__What you need to do__. Which lines of the records contain the word "mxGraphModel"? Show each of them.

__Materials provided__.

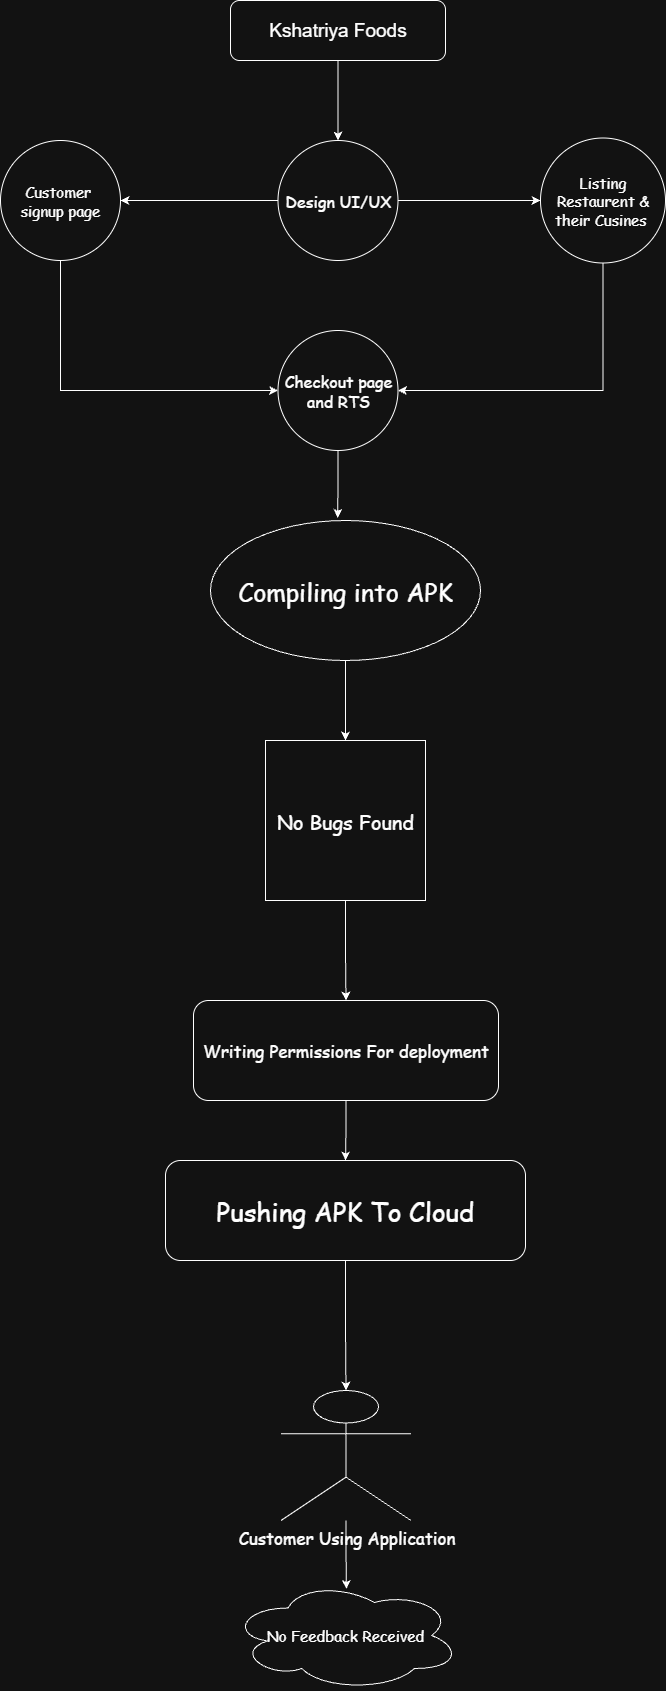

The diagram above was exported from draw.io. Its source (the exported page's mxGraphModel, read from the mxfile embedded in the PNG):
<mxGraphModel dx="1042" dy="562" grid="1" gridSize="10" guides="1" tooltips="1" connect="1" arrows="1" fold="1" page="1" pageScale="1" pageWidth="850" pageHeight="1100" math="0" shadow="0">
  <root>
    <mxCell id="0" />
    <mxCell id="1" parent="0" />
    <mxCell id="u43jiY0zHS1RoyevENbk-5" style="edgeStyle=orthogonalEdgeStyle;rounded=0;orthogonalLoop=1;jettySize=auto;html=1;exitX=0.5;exitY=1;exitDx=0;exitDy=0;entryX=0.5;entryY=0;entryDx=0;entryDy=0;" edge="1" parent="1" source="u43jiY0zHS1RoyevENbk-1" target="u43jiY0zHS1RoyevENbk-3">
      <mxGeometry relative="1" as="geometry" />
    </mxCell>
    <mxCell id="u43jiY0zHS1RoyevENbk-1" value="&lt;font style=&quot;font-size: 19px;&quot;&gt;Kshatriya Foods&lt;/font&gt;" style="rounded=1;whiteSpace=wrap;html=1;" vertex="1" parent="1">
      <mxGeometry x="310" y="30" width="215" height="60" as="geometry" />
    </mxCell>
    <mxCell id="u43jiY0zHS1RoyevENbk-7" style="edgeStyle=orthogonalEdgeStyle;rounded=0;orthogonalLoop=1;jettySize=auto;html=1;exitX=0.5;exitY=1;exitDx=0;exitDy=0;entryX=0;entryY=0.5;entryDx=0;entryDy=0;" edge="1" parent="1" source="u43jiY0zHS1RoyevENbk-2" target="u43jiY0zHS1RoyevENbk-6">
      <mxGeometry relative="1" as="geometry" />
    </mxCell>
    <mxCell id="u43jiY0zHS1RoyevENbk-2" value="&lt;font face=&quot;Comic Sans MS&quot; style=&quot;font-size: 15px;&quot;&gt;Customer&amp;nbsp;&lt;/font&gt;&lt;div&gt;&lt;font face=&quot;Comic Sans MS&quot; style=&quot;font-size: 15px;&quot;&gt;signup page&lt;/font&gt;&lt;/div&gt;" style="ellipse;whiteSpace=wrap;html=1;aspect=fixed;" vertex="1" parent="1">
      <mxGeometry x="80" y="170" width="120" height="120" as="geometry" />
    </mxCell>
    <mxCell id="u43jiY0zHS1RoyevENbk-9" style="edgeStyle=orthogonalEdgeStyle;rounded=0;orthogonalLoop=1;jettySize=auto;html=1;exitX=0;exitY=0.5;exitDx=0;exitDy=0;entryX=1;entryY=0.5;entryDx=0;entryDy=0;" edge="1" parent="1" source="u43jiY0zHS1RoyevENbk-3" target="u43jiY0zHS1RoyevENbk-2">
      <mxGeometry relative="1" as="geometry" />
    </mxCell>
    <mxCell id="u43jiY0zHS1RoyevENbk-10" style="edgeStyle=orthogonalEdgeStyle;rounded=0;orthogonalLoop=1;jettySize=auto;html=1;exitX=1;exitY=0.5;exitDx=0;exitDy=0;entryX=0;entryY=0.5;entryDx=0;entryDy=0;" edge="1" parent="1" source="u43jiY0zHS1RoyevENbk-3" target="u43jiY0zHS1RoyevENbk-4">
      <mxGeometry relative="1" as="geometry" />
    </mxCell>
    <mxCell id="u43jiY0zHS1RoyevENbk-3" value="&lt;font face=&quot;Comic Sans MS&quot; style=&quot;font-size: 16px;&quot;&gt;Design UI/UX&lt;/font&gt;" style="ellipse;whiteSpace=wrap;html=1;aspect=fixed;" vertex="1" parent="1">
      <mxGeometry x="357.5" y="170" width="120" height="120" as="geometry" />
    </mxCell>
    <mxCell id="u43jiY0zHS1RoyevENbk-8" style="edgeStyle=orthogonalEdgeStyle;rounded=0;orthogonalLoop=1;jettySize=auto;html=1;exitX=0.5;exitY=1;exitDx=0;exitDy=0;entryX=1;entryY=0.5;entryDx=0;entryDy=0;" edge="1" parent="1" source="u43jiY0zHS1RoyevENbk-4" target="u43jiY0zHS1RoyevENbk-6">
      <mxGeometry relative="1" as="geometry" />
    </mxCell>
    <mxCell id="u43jiY0zHS1RoyevENbk-4" value="&lt;font style=&quot;font-size: 15px;&quot; face=&quot;Comic Sans MS&quot;&gt;Listing Restaurent &amp;amp;&lt;/font&gt;&lt;div&gt;&lt;font style=&quot;font-size: 15px;&quot; face=&quot;Comic Sans MS&quot;&gt;their Cusines&amp;nbsp;&lt;/font&gt;&lt;/div&gt;" style="ellipse;whiteSpace=wrap;html=1;aspect=fixed;" vertex="1" parent="1">
      <mxGeometry x="620" y="167.5" width="125" height="125" as="geometry" />
    </mxCell>
    <mxCell id="u43jiY0zHS1RoyevENbk-6" value="&lt;font face=&quot;Comic Sans MS&quot; style=&quot;font-size: 16px;&quot;&gt;Checkout page and RTS&lt;/font&gt;" style="ellipse;whiteSpace=wrap;html=1;aspect=fixed;" vertex="1" parent="1">
      <mxGeometry x="357.5" y="360" width="120" height="120" as="geometry" />
    </mxCell>
    <mxCell id="u43jiY0zHS1RoyevENbk-19" style="edgeStyle=orthogonalEdgeStyle;rounded=0;orthogonalLoop=1;jettySize=auto;html=1;exitX=0.5;exitY=1;exitDx=0;exitDy=0;entryX=0.5;entryY=0;entryDx=0;entryDy=0;" edge="1" parent="1" source="u43jiY0zHS1RoyevENbk-15" target="u43jiY0zHS1RoyevENbk-16">
      <mxGeometry relative="1" as="geometry" />
    </mxCell>
    <mxCell id="u43jiY0zHS1RoyevENbk-15" value="&lt;font face=&quot;Comic Sans MS&quot; style=&quot;font-size: 25px;&quot;&gt;Compiling into APK&lt;/font&gt;" style="ellipse;whiteSpace=wrap;html=1;" vertex="1" parent="1">
      <mxGeometry x="290" y="550" width="270" height="140" as="geometry" />
    </mxCell>
    <mxCell id="u43jiY0zHS1RoyevENbk-25" value="" style="edgeStyle=orthogonalEdgeStyle;rounded=0;orthogonalLoop=1;jettySize=auto;html=1;" edge="1" parent="1" source="u43jiY0zHS1RoyevENbk-16" target="u43jiY0zHS1RoyevENbk-24">
      <mxGeometry relative="1" as="geometry" />
    </mxCell>
    <mxCell id="u43jiY0zHS1RoyevENbk-16" value="&lt;font style=&quot;font-size: 20px;&quot; face=&quot;Comic Sans MS&quot;&gt;No Bugs Found&lt;/font&gt;" style="whiteSpace=wrap;html=1;aspect=fixed;" vertex="1" parent="1">
      <mxGeometry x="345" y="770" width="160" height="160" as="geometry" />
    </mxCell>
    <mxCell id="u43jiY0zHS1RoyevENbk-17" style="edgeStyle=orthogonalEdgeStyle;rounded=0;orthogonalLoop=1;jettySize=auto;html=1;exitX=0.5;exitY=1;exitDx=0;exitDy=0;entryX=0.471;entryY=-0.019;entryDx=0;entryDy=0;entryPerimeter=0;" edge="1" parent="1" source="u43jiY0zHS1RoyevENbk-6" target="u43jiY0zHS1RoyevENbk-15">
      <mxGeometry relative="1" as="geometry" />
    </mxCell>
    <mxCell id="u43jiY0zHS1RoyevENbk-35" style="edgeStyle=orthogonalEdgeStyle;rounded=0;orthogonalLoop=1;jettySize=auto;html=1;exitX=0.5;exitY=1;exitDx=0;exitDy=0;entryX=0.5;entryY=0;entryDx=0;entryDy=0;" edge="1" parent="1" source="u43jiY0zHS1RoyevENbk-24" target="u43jiY0zHS1RoyevENbk-31">
      <mxGeometry relative="1" as="geometry" />
    </mxCell>
    <mxCell id="u43jiY0zHS1RoyevENbk-24" value="&lt;font face=&quot;Comic Sans MS&quot; style=&quot;font-size: 17px;&quot;&gt;Writing Permissions For deployment&lt;/font&gt;" style="rounded=1;whiteSpace=wrap;html=1;" vertex="1" parent="1">
      <mxGeometry x="273" y="1030" width="305" height="100" as="geometry" />
    </mxCell>
    <mxCell id="u43jiY0zHS1RoyevENbk-26" value="&lt;font face=&quot;Comic Sans MS&quot; style=&quot;font-size: 17px;&quot;&gt;Customer Using Application&lt;/font&gt;" style="shape=umlActor;verticalLabelPosition=bottom;verticalAlign=top;html=1;" vertex="1" parent="1">
      <mxGeometry x="360.5" y="1420" width="130" height="130" as="geometry" />
    </mxCell>
    <mxCell id="u43jiY0zHS1RoyevENbk-31" value="&lt;font style=&quot;font-size: 26px;&quot; face=&quot;Comic Sans MS&quot;&gt;Pushing APK To Cloud&lt;/font&gt;" style="rounded=1;whiteSpace=wrap;html=1;" vertex="1" parent="1">
      <mxGeometry x="245" y="1190" width="360" height="100" as="geometry" />
    </mxCell>
    <mxCell id="u43jiY0zHS1RoyevENbk-34" value="&lt;font face=&quot;Comic Sans MS&quot; style=&quot;font-size: 15px;&quot;&gt;No Feedback Received&lt;/font&gt;" style="ellipse;shape=cloud;whiteSpace=wrap;html=1;" vertex="1" parent="1">
      <mxGeometry x="310" y="1610" width="230" height="110" as="geometry" />
    </mxCell>
    <mxCell id="u43jiY0zHS1RoyevENbk-36" style="edgeStyle=orthogonalEdgeStyle;rounded=0;orthogonalLoop=1;jettySize=auto;html=1;exitX=0.5;exitY=1;exitDx=0;exitDy=0;entryX=0.5;entryY=0;entryDx=0;entryDy=0;entryPerimeter=0;" edge="1" parent="1" source="u43jiY0zHS1RoyevENbk-31" target="u43jiY0zHS1RoyevENbk-26">
      <mxGeometry relative="1" as="geometry" />
    </mxCell>
    <mxCell id="u43jiY0zHS1RoyevENbk-39" style="edgeStyle=orthogonalEdgeStyle;rounded=0;orthogonalLoop=1;jettySize=auto;html=1;entryX=0.504;entryY=0.078;entryDx=0;entryDy=0;entryPerimeter=0;" edge="1" parent="1" source="u43jiY0zHS1RoyevENbk-26" target="u43jiY0zHS1RoyevENbk-34">
      <mxGeometry relative="1" as="geometry" />
    </mxCell>
  </root>
</mxGraphModel>

__Exercise solution__.
The diagram above was exported from draw.io. Its source (the exported page's mxGraphModel, read from the mxfile embedded in the PNG):
<mxGraphModel dx="1042" dy="562" grid="1" gridSize="10" guides="1" tooltips="1" connect="1" arrows="1" fold="1" page="1" pageScale="1" pageWidth="850" pageHeight="1100" math="0" shadow="0">
</mxGraphModel>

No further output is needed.